2009 Gold Mining Supply
Gold Mining Supply 2009
IT'S NO SECRET going into 2009 that gold mining supply worldwide has failed to grow during the seven-year bull market in gold – and failed badly.
Global gold mining output peaked in 2003. Even the record gold price of 2008 saw world supply fall.

Can the gold mining sector turn things around in 2009?
#1. Gold Mining Politics in 2009
Any natural resources boom attracts "rent seeking" by governments hungry for cash. The gold mining industry also faces political opposition from environmental "green" lobbyists in 2009, too.
Last year, for example, saw Canadian gold-mining firm Crystallex lose control of key sites in Venezuela, effectively shut down by the socialist government of Hugo Chavez, after spending a fortune trying to secure the necessary licenses.

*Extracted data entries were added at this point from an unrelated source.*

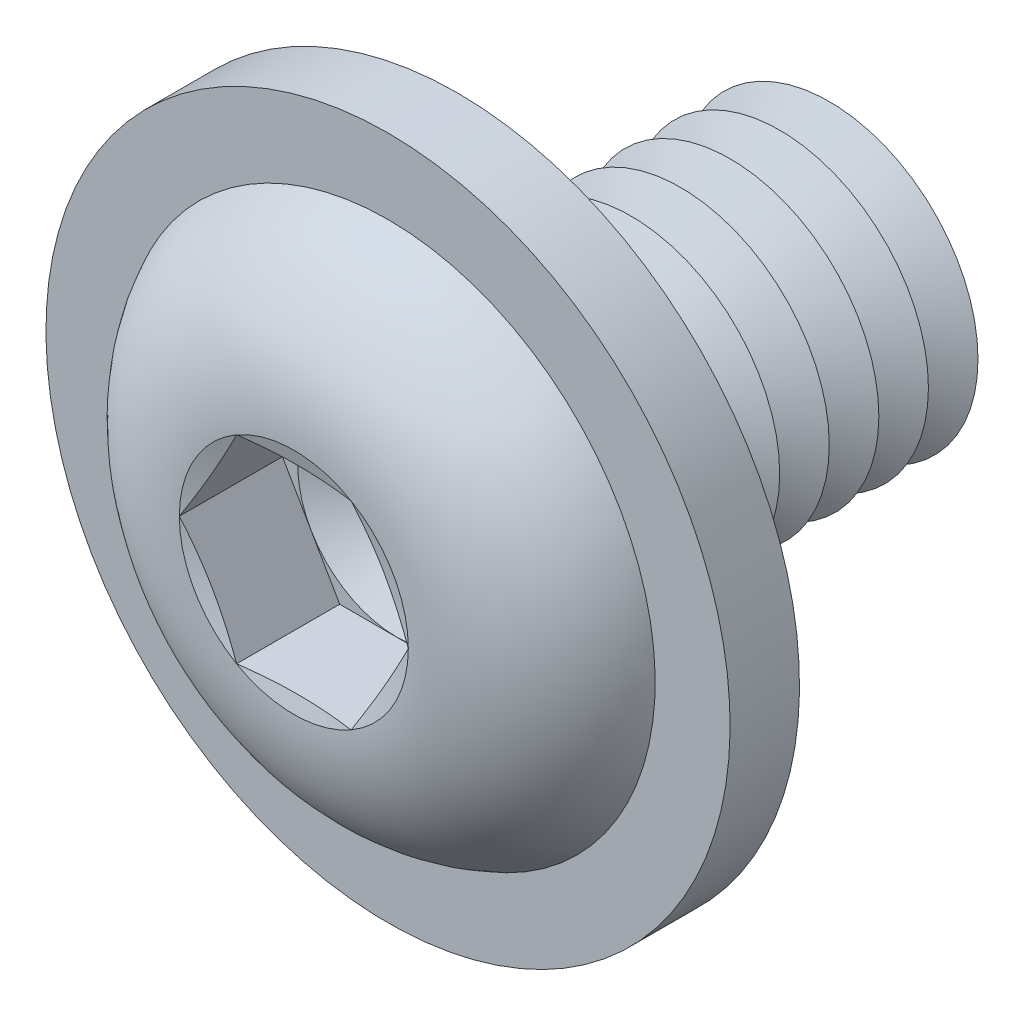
ISO-10303-21;
HEADER;
FILE_DESCRIPTION(('STEP AP214'),'2;1');
FILE_NAME('part.step','',(''),(''),'','','');
FILE_SCHEMA(('AUTOMOTIVE_DESIGN { 1 0 10303 214 1 1 1 1 }'));
ENDSEC;
DATA;
#1=APPLICATION_CONTEXT('core data for automotive mechanical design processes');
#2=APPLICATION_PROTOCOL_DEFINITION('international standard','automotive_design',2000,#1);
#3=PRODUCT_CONTEXT('',#1,'mechanical');
#4=PRODUCT('Part','Part','',(#3));
#5=PRODUCT_RELATED_PRODUCT_CATEGORY('part','',(#4));
#6=PRODUCT_DEFINITION_FORMATION('','',#4);
#7=PRODUCT_DEFINITION_CONTEXT('part definition',#1,'design');
#8=PRODUCT_DEFINITION('design','',#6,#7);
#9=PRODUCT_DEFINITION_SHAPE('','',#8);
#10=(LENGTH_UNIT() NAMED_UNIT(*) SI_UNIT(.MILLI.,.METRE.));
#11=(NAMED_UNIT(*) PLANE_ANGLE_UNIT() SI_UNIT($,.RADIAN.));
#12=(NAMED_UNIT(*) SI_UNIT($,.STERADIAN.) SOLID_ANGLE_UNIT());
#13=UNCERTAINTY_MEASURE_WITH_UNIT(LENGTH_MEASURE(1.E-05),#10,'distance_accuracy_value','');
#14=(GEOMETRIC_REPRESENTATION_CONTEXT(3) GLOBAL_UNCERTAINTY_ASSIGNED_CONTEXT((#13)) GLOBAL_UNIT_ASSIGNED_CONTEXT((#10,
#11,#12)) REPRESENTATION_CONTEXT('',''));
#15=CARTESIAN_POINT('',(0.,0.,0.));
#16=DIRECTION('',(0.,0.,1.));
#17=DIRECTION('',(1.,0.,0.));
#18=AXIS2_PLACEMENT_3D('',#15,#16,#17);
#19=CARTESIAN_POINT('',(0.,0.,-2.25));
#20=DIRECTION('',(0.,0.,1.));
#21=DIRECTION('',(1.,0.,0.));
#22=AXIS2_PLACEMENT_3D('',#19,#20,#21);
#23=CONICAL_SURFACE('',#22,1.5,1.0471975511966);
#24=CARTESIAN_POINT('',(0.,0.,-2.5));
#25=DIRECTION('',(0.,0.,1.));
#26=DIRECTION('',(1.,0.,0.));
#27=AXIS2_PLACEMENT_3D('',#24,#25,#26);
#28=CIRCLE('',#27,1.06698729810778);
#29=CARTESIAN_POINT('',(1.06698729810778,0.,-2.5));
#30=VERTEX_POINT('',#29);
#31=EDGE_CURVE('E274',#30,#30,#28,.T.);
#32=ORIENTED_EDGE('',*,*,#31,.T.);
#33=EDGE_LOOP('',(#32));
#34=FACE_BOUND('',#33,.T.);
#35=CARTESIAN_POINT('',(0.,0.,-2.25));
#36=DIRECTION('',(0.,0.,1.));
#37=DIRECTION('',(1.,0.,0.));
#38=AXIS2_PLACEMENT_3D('',#35,#36,#37);
#39=CIRCLE('',#38,1.5);
#40=CARTESIAN_POINT('',(1.5,0.,-2.25));
#41=VERTEX_POINT('',#40);
#42=EDGE_CURVE('E270',#41,#41,#39,.T.);
#43=ORIENTED_EDGE('',*,*,#42,.F.);
#44=EDGE_LOOP('',(#43));
#45=FACE_BOUND('',#44,.T.);
#46=ADVANCED_FACE('F39',(#34,#45),#23,.T.);
#47=CARTESIAN_POINT('',(0.,0.,-2.5));
#48=DIRECTION('',(0.,0.,-1.));
#49=DIRECTION('',(-1.,0.,0.));
#50=AXIS2_PLACEMENT_3D('',#47,#48,#49);
#51=CONICAL_SURFACE('',#50,1.06698729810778,1.0471975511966);
#52=CARTESIAN_POINT('',(0.,0.,-2.75));
#53=DIRECTION('',(0.,0.,1.));
#54=DIRECTION('',(1.,0.,0.));
#55=AXIS2_PLACEMENT_3D('',#52,#53,#54);
#56=CIRCLE('',#55,1.5);
#57=CARTESIAN_POINT('',(1.5,0.,-2.75));
#58=VERTEX_POINT('',#57);
#59=EDGE_CURVE('E278',#58,#58,#56,.T.);
#60=ORIENTED_EDGE('',*,*,#59,.T.);
#61=EDGE_LOOP('',(#60));
#62=FACE_BOUND('',#61,.T.);
#63=ORIENTED_EDGE('',*,*,#31,.F.);
#64=EDGE_LOOP('',(#63));
#65=FACE_BOUND('',#64,.T.);
#66=ADVANCED_FACE('F390',(#62,#65),#51,.T.);
#67=CARTESIAN_POINT('',(0.,1.5,-4.));
#68=DIRECTION('',(0.,0.,-1.));
#69=DIRECTION('',(-1.,0.,0.));
#70=AXIS2_PLACEMENT_3D('',#67,#68,#69);
#71=PLANE('',#70);
#72=CARTESIAN_POINT('',(0.,0.,-4.));
#73=DIRECTION('',(0.,0.,1.));
#74=DIRECTION('',(1.,0.,0.));
#75=AXIS2_PLACEMENT_3D('',#72,#73,#74);
#76=CIRCLE('',#75,1.06698729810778);
#77=CARTESIAN_POINT('',(1.06698729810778,0.,-4.));
#78=VERTEX_POINT('',#77);
#79=EDGE_CURVE('E297',#78,#78,#76,.T.);
#80=ORIENTED_EDGE('',*,*,#79,.F.);
#81=EDGE_LOOP('',(#80));
#82=FACE_BOUND('',#81,.T.);
#83=ADVANCED_FACE('F396',(#82),#71,.T.);
#84=CARTESIAN_POINT('',(0.,0.,-3.75));
#85=DIRECTION('',(0.,0.,1.));
#86=DIRECTION('',(1.,0.,0.));
#87=AXIS2_PLACEMENT_3D('',#84,#85,#86);
#88=CONICAL_SURFACE('',#87,1.5,1.0471975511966);
#89=ORIENTED_EDGE('',*,*,#79,.T.);
#90=EDGE_LOOP('',(#89));
#91=FACE_BOUND('',#90,.T.);
#92=CARTESIAN_POINT('',(0.,0.,-3.75));
#93=DIRECTION('',(0.,0.,1.));
#94=DIRECTION('',(1.,0.,0.));
#95=AXIS2_PLACEMENT_3D('',#92,#93,#94);
#96=CIRCLE('',#95,1.5);
#97=CARTESIAN_POINT('',(1.5,0.,-3.75));
#98=VERTEX_POINT('',#97);
#99=EDGE_CURVE('E293',#98,#98,#96,.T.);
#100=ORIENTED_EDGE('',*,*,#99,.F.);
#101=EDGE_LOOP('',(#100));
#102=FACE_BOUND('',#101,.T.);
#103=ADVANCED_FACE('F415',(#91,#102),#88,.T.);
#104=CARTESIAN_POINT('',(0.,0.,-3.5));
#105=DIRECTION('',(0.,0.,-1.));
#106=DIRECTION('',(-1.,0.,0.));
#107=AXIS2_PLACEMENT_3D('',#104,#105,#106);
#108=CONICAL_SURFACE('',#107,1.06698729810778,1.0471975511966);
#109=ORIENTED_EDGE('',*,*,#99,.T.);
#110=EDGE_LOOP('',(#109));
#111=FACE_BOUND('',#110,.T.);
#112=CARTESIAN_POINT('',(0.,0.,-3.5));
#113=DIRECTION('',(0.,0.,1.));
#114=DIRECTION('',(1.,0.,0.));
#115=AXIS2_PLACEMENT_3D('',#112,#113,#114);
#116=CIRCLE('',#115,1.06698729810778);
#117=CARTESIAN_POINT('',(1.06698729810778,0.,-3.5));
#118=VERTEX_POINT('',#117);
#119=EDGE_CURVE('E289',#118,#118,#116,.T.);
#120=ORIENTED_EDGE('',*,*,#119,.F.);
#121=EDGE_LOOP('',(#120));
#122=FACE_BOUND('',#121,.T.);
#123=ADVANCED_FACE('F412',(#111,#122),#108,.T.);
#124=CARTESIAN_POINT('',(0.,0.,-3.25));
#125=DIRECTION('',(0.,0.,1.));
#126=DIRECTION('',(1.,0.,0.));
#127=AXIS2_PLACEMENT_3D('',#124,#125,#126);
#128=CONICAL_SURFACE('',#127,1.5,1.0471975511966);
#129=ORIENTED_EDGE('',*,*,#119,.T.);
#130=EDGE_LOOP('',(#129));
#131=FACE_BOUND('',#130,.T.);
#132=CARTESIAN_POINT('',(0.,0.,-3.25));
#133=DIRECTION('',(0.,0.,1.));
#134=DIRECTION('',(1.,0.,0.));
#135=AXIS2_PLACEMENT_3D('',#132,#133,#134);
#136=CIRCLE('',#135,1.5);
#137=CARTESIAN_POINT('',(1.5,0.,-3.25));
#138=VERTEX_POINT('',#137);
#139=EDGE_CURVE('E285',#138,#138,#136,.T.);
#140=ORIENTED_EDGE('',*,*,#139,.F.);
#141=EDGE_LOOP('',(#140));
#142=FACE_BOUND('',#141,.T.);
#143=ADVANCED_FACE('F406',(#131,#142),#128,.T.);
#144=CARTESIAN_POINT('',(0.,0.,-3.));
#145=DIRECTION('',(0.,0.,-1.));
#146=DIRECTION('',(-1.,0.,0.));
#147=AXIS2_PLACEMENT_3D('',#144,#145,#146);
#148=CONICAL_SURFACE('',#147,1.06698729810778,1.0471975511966);
#149=ORIENTED_EDGE('',*,*,#139,.T.);
#150=EDGE_LOOP('',(#149));
#151=FACE_BOUND('',#150,.T.);
#152=CARTESIAN_POINT('',(0.,0.,-3.));
#153=DIRECTION('',(0.,0.,1.));
#154=DIRECTION('',(1.,0.,0.));
#155=AXIS2_PLACEMENT_3D('',#152,#153,#154);
#156=CIRCLE('',#155,1.06698729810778);
#157=CARTESIAN_POINT('',(1.06698729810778,0.,-3.));
#158=VERTEX_POINT('',#157);
#159=EDGE_CURVE('E281',#158,#158,#156,.T.);
#160=ORIENTED_EDGE('',*,*,#159,.F.);
#161=EDGE_LOOP('',(#160));
#162=FACE_BOUND('',#161,.T.);
#163=ADVANCED_FACE('F402',(#151,#162),#148,.T.);
#164=CARTESIAN_POINT('',(0.,0.,-2.75));
#165=DIRECTION('',(0.,0.,1.));
#166=DIRECTION('',(1.,0.,0.));
#167=AXIS2_PLACEMENT_3D('',#164,#165,#166);
#168=CONICAL_SURFACE('',#167,1.5,1.0471975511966);
#169=ORIENTED_EDGE('',*,*,#159,.T.);
#170=EDGE_LOOP('',(#169));
#171=FACE_BOUND('',#170,.T.);
#172=ORIENTED_EDGE('',*,*,#59,.F.);
#173=EDGE_LOOP('',(#172));
#174=FACE_BOUND('',#173,.T.);
#175=ADVANCED_FACE('F405',(#171,#174),#168,.T.);
#176=CARTESIAN_POINT('',(0.,0.,-1.75));
#177=DIRECTION('',(0.,0.,1.));
#178=DIRECTION('',(1.,0.,0.));
#179=AXIS2_PLACEMENT_3D('',#176,#177,#178);
#180=CONICAL_SURFACE('',#179,1.5,1.0471975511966);
#181=CARTESIAN_POINT('',(0.,0.,-2.));
#182=DIRECTION('',(0.,0.,1.));
#183=DIRECTION('',(1.,0.,0.));
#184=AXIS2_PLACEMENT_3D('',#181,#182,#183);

Over in Europe, meantime, the continent's largest gold mining reserves – at Rosa Montana in Romania – became off limits to Gabriel Resources just before the start of 2009, after a court in Bucharest declared its archaeological surveys of the historic area inadequate.
#2. Gold Mining Finance
Mergers and acquisitions in the gold mining sector totalled a record $17bn in 2006. Global gold mining output, meantime, fell to a 10-year low.
This was no coincidence. Digging for gold on the stock market – rather than exploring for new gold mining reserves – does nothing to increase the world's output. And as 2009 begins, gold mining projects are now struggling to raise new funds due to the financial crisis anyway.
Take-overs and mergers risk going begging in 2009 for want of finance. Russian gold-mining specialist Peter Hambro recently delayed its switch from London's AIM market to the main London Stock Exchange. Many miners are also choosing to mothball existing mines and delay new drilling in 2009.
"Big projects that have already been discovered and that were going into production are now being shut down," says Graham Birch, manager of the $8bn BlackRock Gold & General Fund. "Majors have the deposits and they are not using them. Why do they need to explore for new ones?"
#3. The Easy Gold's Gone in 2009
Formerly the world's No.1 gold mining nation, South Africa saw gold output drop by 15% last year thanks to a combination of energy shortages, labor disputes (mostly over the industry's horrific safety record) and the cold, hard fact that South Africa's gold reserves are being mined out.
Supply has now fallen down by more than three-quarters from the all-time peak of 1,000 tonnes mined in 1970 (then almost 80% of total world output!). South Africa's failing gold supplies put the problems facing all gold miners in 2009 into sharp focus. Just to try and stand still, gold mining companies are having to dig down to record depths – up to three kilometers and more below ground at Mponeng, East Rand, South Deep and Driefontein.
A similar slowdown in gold mining output has also hit the mature fields of the United States, Canada and Australia. As in recent years, gold mining growth in 2009 will come from younger, less politically stable regions such as Central Asia and Latin America, as well as newly "capitalist" China – now the world's No.1 by default, as South African output sinks.
#4. Gold Mining Costs
Input costs are expected to fall sharply for the gold mining industry in 2009. But then, they do start at record-high levels.
Now Nick Hatch, a gold mining analyst at ING Bank, thinks production costs will fall 10% or more in 2009 as the drop in oil and steel prices reaches the pit-head. Freeport-McMoRan Copper & Gold reckons its net cash costs will drop by 25%.
But one high-cost input for the gold mining sector looks unlikely to get any cheaper in 2009, however. "We've had a real shortage of skilled labor," notes Judith Mosely, head of mining finance at Societe Generale. "On the management side as well, it's been spread very, very thinly.
"And of course a lot of the projects are in somewhat challenging countries where it's not necessarily that easy to attract management."
During the multi-year commodities boom, mining and energy firms fought to bid up the wages of expert workers. Now gold mining projects in 2009 face the same shortage of skills – a "missing generation" of geologists and mining engineers, in fact – that's hitting the entire minerals complex.